Nuclear Stocks And Uranium: Executive Orders Vs. Economics

Nuclear energy has emerged as a top pick for Big Tech hyperscalers seeking to power artificial intelligence data centers. The result, what some are calling a "nuclear renaissance," has pushed nuclear stocks higher. However, the trend presents several major problems. Among those: The U.S. imports the vast majority of the uranium needed to fuel nuclear power plants.

President Donald Trump wants to change that. He aims to revive U.S. uranium mining after more than 50 years of decline and dependence on non-U.S. sources. Investors seem to be taking note. Nuclear and uranium stocks, led by Centrus Energy, Uranium Energy, Energy Fuels and Cameco, soared in September as the Trump administration doubled down on the need to shore up domestic uranium production.

To that end, Trump on May 23 signed four executive orders to expand domestic nuclear energy and strengthen U.S. uranium production, conversion, and enrichment capabilities to reduce dependence on foreign sources, particularly Russian supplies.

Trump also plans a "total and complete reform" of the Nuclear Regulatory Commission, while increasing nuclear capacity to 400 gigawatts by 2050, a substantial increase from current levels.

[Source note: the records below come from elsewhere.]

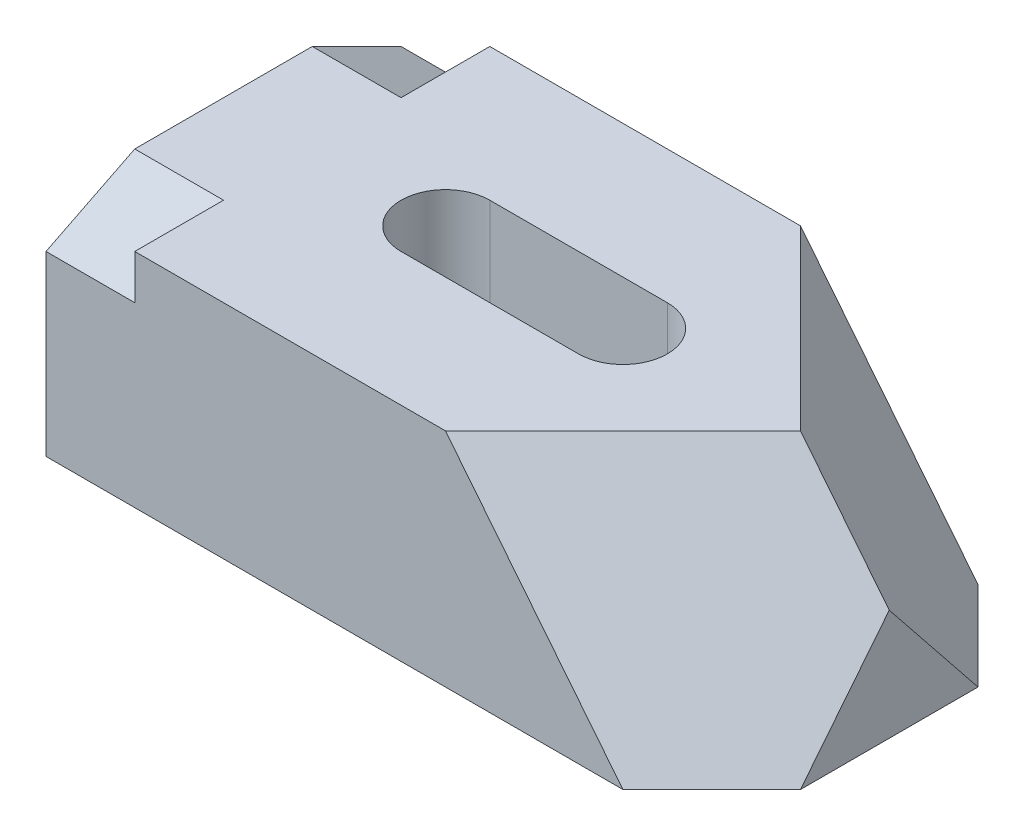
ISO-10303-21;
HEADER;
FILE_DESCRIPTION(('STEP AP214'),'2;1');
FILE_NAME('part.step','',(''),(''),'','','');
FILE_SCHEMA(('AUTOMOTIVE_DESIGN { 1 0 10303 214 1 1 1 1 }'));
ENDSEC;
DATA;
#1=APPLICATION_CONTEXT('core data for automotive mechanical design processes');
#2=APPLICATION_PROTOCOL_DEFINITION('international standard','automotive_design',2000,#1);
#3=PRODUCT_CONTEXT('',#1,'mechanical');
#4=PRODUCT('Part','Part','',(#3));
#5=PRODUCT_RELATED_PRODUCT_CATEGORY('part','',(#4));
#6=PRODUCT_DEFINITION_FORMATION('','',#4);
#7=PRODUCT_DEFINITION_CONTEXT('part definition',#1,'design');
#8=PRODUCT_DEFINITION('design','',#6,#7);
#9=PRODUCT_DEFINITION_SHAPE('','',#8);
#10=(LENGTH_UNIT() NAMED_UNIT(*) SI_UNIT(.MILLI.,.METRE.));
#11=(NAMED_UNIT(*) PLANE_ANGLE_UNIT() SI_UNIT($,.RADIAN.));
#12=(NAMED_UNIT(*) SI_UNIT($,.STERADIAN.) SOLID_ANGLE_UNIT());
#13=UNCERTAINTY_MEASURE_WITH_UNIT(LENGTH_MEASURE(1.E-05),#10,'distance_accuracy_value','');
#14=(GEOMETRIC_REPRESENTATION_CONTEXT(3) GLOBAL_UNCERTAINTY_ASSIGNED_CONTEXT((#13)) GLOBAL_UNIT_ASSIGNED_CONTEXT((#10,
#11,#12)) REPRESENTATION_CONTEXT('',''));
#15=CARTESIAN_POINT('',(0.,0.,0.));
#16=DIRECTION('',(0.,0.,1.));
#17=DIRECTION('',(1.,0.,0.));
#18=AXIS2_PLACEMENT_3D('',#15,#16,#17);
#19=CARTESIAN_POINT('',(45.,0.,-20.));
#20=DIRECTION('',(0.,1.,0.));
#21=DIRECTION('',(0.,0.,1.));
#22=AXIS2_PLACEMENT_3D('',#19,#20,#21);
#23=CYLINDRICAL_SURFACE('',#22,5.);
#24=DIRECTION('',(0.,1.,0.));
#25=VECTOR('',#24,1.);
#26=CARTESIAN_POINT('',(45.,0.,-15.));
#27=LINE('',#26,#25);
#28=CARTESIAN_POINT('',(45.,0.,-15.));
#29=VERTEX_POINT('',#28);
#30=CARTESIAN_POINT('',(45.,25.,-15.));
#31=VERTEX_POINT('',#30);
#32=EDGE_CURVE('E448',#29,#31,#27,.T.);
#33=ORIENTED_EDGE('',*,*,#32,.T.);
#34=CARTESIAN_POINT('',(45.,25.,-20.));
#35=DIRECTION('',(0.,1.,0.));
#36=DIRECTION('',(0.,0.,1.));
#37=AXIS2_PLACEMENT_3D('',#34,#35,#36);
#38=CIRCLE('',#37,5.);
#39=CARTESIAN_POINT('',(45.,25.,-25.));
#40=VERTEX_POINT('',#39);
#41=EDGE_CURVE('E174',#31,#40,#38,.T.);
#42=ORIENTED_EDGE('',*,*,#41,.T.);
#43=DIRECTION('',(0.,1.,0.));
#44=VECTOR('',#43,1.);
#45=CARTESIAN_POINT('',(45.,0.,-25.));
#46=LINE('',#45,#44);
#47=CARTESIAN_POINT('',(45.,0.,-25.));
#48=VERTEX_POINT('',#47);
#49=EDGE_CURVE('E148',#48,#40,#46,.T.);
#50=ORIENTED_EDGE('',*,*,#49,.F.);
#51=CARTESIAN_POINT('',(45.,0.,-20.));
#52=DIRECTION('',(0.,1.,0.));
#53=DIRECTION('',(0.,0.,1.));
#54=AXIS2_PLACEMENT_3D('',#51,#52,#53);
#55=CIRCLE('',#54,5.);
#56=EDGE_CURVE('E158',#29,#48,#55,.T.);
#57=ORIENTED_EDGE('',*,*,#56,.F.);
#58=EDGE_LOOP('',(#33,#42,#50,#57));
#59=FACE_BOUND('',#58,.T.);
#60=ADVANCED_FACE('F39',(#59),#23,.F.);
#61=CARTESIAN_POINT('',(0.,25.,0.));
#62=DIRECTION('',(0.,0.,-1.));
#63=DIRECTION('',(-1.,0.,0.));
#64=AXIS2_PLACEMENT_3D('',#61,#62,#63);
#65=PLANE('',#64);
#66=DIRECTION('',(0.,1.,0.));
#67=VECTOR('',#66,1.);
#68=CARTESIAN_POINT('',(10.,20.,0.));
#69=LINE('',#68,#67);
#70=CARTESIAN_POINT('',(10.,20.,0.));
#71=VERTEX_POINT('',#70);
#72=CARTESIAN_POINT('',(10.,25.,0.));
#73=VERTEX_POINT('',#72);
#74=EDGE_CURVE('E203',#71,#73,#69,.T.);
#75=ORIENTED_EDGE('',*,*,#74,.F.);
#76=DIRECTION('',(-1.,0.,0.));
#77=VECTOR('',#76,1.);
#78=CARTESIAN_POINT('',(10.,20.,0.));
#79=LINE('',#78,#77);
#80=CARTESIAN_POINT('',(0.,20.,0.));
#81=VERTEX_POINT('',#80);
#82=EDGE_CURVE('E209',#71,#81,#79,.T.);
#83=ORIENTED_EDGE('',*,*,#82,.T.);
#84=DIRECTION('',(0.,-1.,0.));
#85=VECTOR('',#84,1.);
#86=CARTESIAN_POINT('',(0.,25.,0.));
#87=LINE('',#86,#85);
#88=CARTESIAN_POINT('',(0.,0.,0.));
#89=VERTEX_POINT('',#88);
#90=EDGE_CURVE('E271',#81,#89,#87,.T.);
#91=ORIENTED_EDGE('',*,*,#90,.T.);
#92=DIRECTION('',(1.,0.,0.));
#93=VECTOR('',#92,1.);
#94=CARTESIAN_POINT('',(0.,0.,0.));
#95=LINE('',#94,#93);
#96=CARTESIAN_POINT('',(65.,0.,0.));
#97=VERTEX_POINT('',#96);
#98=EDGE_CURVE('E258',#89,#97,#95,.T.);
#99=ORIENTED_EDGE('',*,*,#98,.T.);
#100=DIRECTION('',(0.624695047554425,-0.78086880944303,0.));
#101=VECTOR('',#100,1.);
#102=CARTESIAN_POINT('',(27.4390243902439,46.9512195121951,0.));
#103=LINE('',#102,#101);
#104=CARTESIAN_POINT('',(45.,25.,0.));
#105=VERTEX_POINT('',#104);
#106=EDGE_CURVE('E235',#105,#97,#103,.T.);
#107=ORIENTED_EDGE('',*,*,#106,.F.);
#108=DIRECTION('',(1.,0.,0.));
#109=VECTOR('',#108,1.);
#110=CARTESIAN_POINT('',(0.,25.,0.));
#111=LINE('',#110,#109);
#112=EDGE_CURVE('E246',#73,#105,#111,.T.);
#113=ORIENTED_EDGE('',*,*,#112,.F.);
#114=EDGE_LOOP('',(#75,#83,#91,#99,#107,#113));
#115=FACE_BOUND('',#114,.T.);
#116=ADVANCED_FACE('F284',(#115),#65,.F.);
#117=CARTESIAN_POINT('',(75.,25.,0.));
#118=DIRECTION('',(-1.,0.,0.));
#119=DIRECTION('',(0.,0.,1.));
#120=AXIS2_PLACEMENT_3D('',#117,#118,#119);
#121=PLANE('',#120);
#122=DIRECTION('',(0.,0.,-1.));
#123=VECTOR('',#122,1.);
#124=CARTESIAN_POINT('',(75.,0.,0.));
#125=LINE('',#124,#123);
#126=CARTESIAN_POINT('',(75.,0.,-9.99999999999997));
#127=VERTEX_POINT('',#126);
#128=CARTESIAN_POINT('',(75.,0.,-30.));
#129=VERTEX_POINT('',#128);
#130=EDGE_CURVE('E262',#127,#129,#125,.T.);
#131=ORIENTED_EDGE('',*,*,#130,.T.);
#132=DIRECTION('',(0.,0.780868809443029,0.624695047554426));
#133=VECTOR('',#132,1.);
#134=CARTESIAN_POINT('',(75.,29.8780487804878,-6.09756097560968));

Two-Pronged System Expected To Grow Supplies

On Sept. 15, Energy Secretary Chris Wright told the press at the annual International Atomic Energy Agency conference "We hope to see rapid growth in uranium consumption in the U.S. from both large reactors and small modular reactors."

He also said the administration aimed to fortify the national strategic uranium reserve.

"The size of that right buffer would grow with time," he said. "We need a lot of domestic uranium and enrichment capacity."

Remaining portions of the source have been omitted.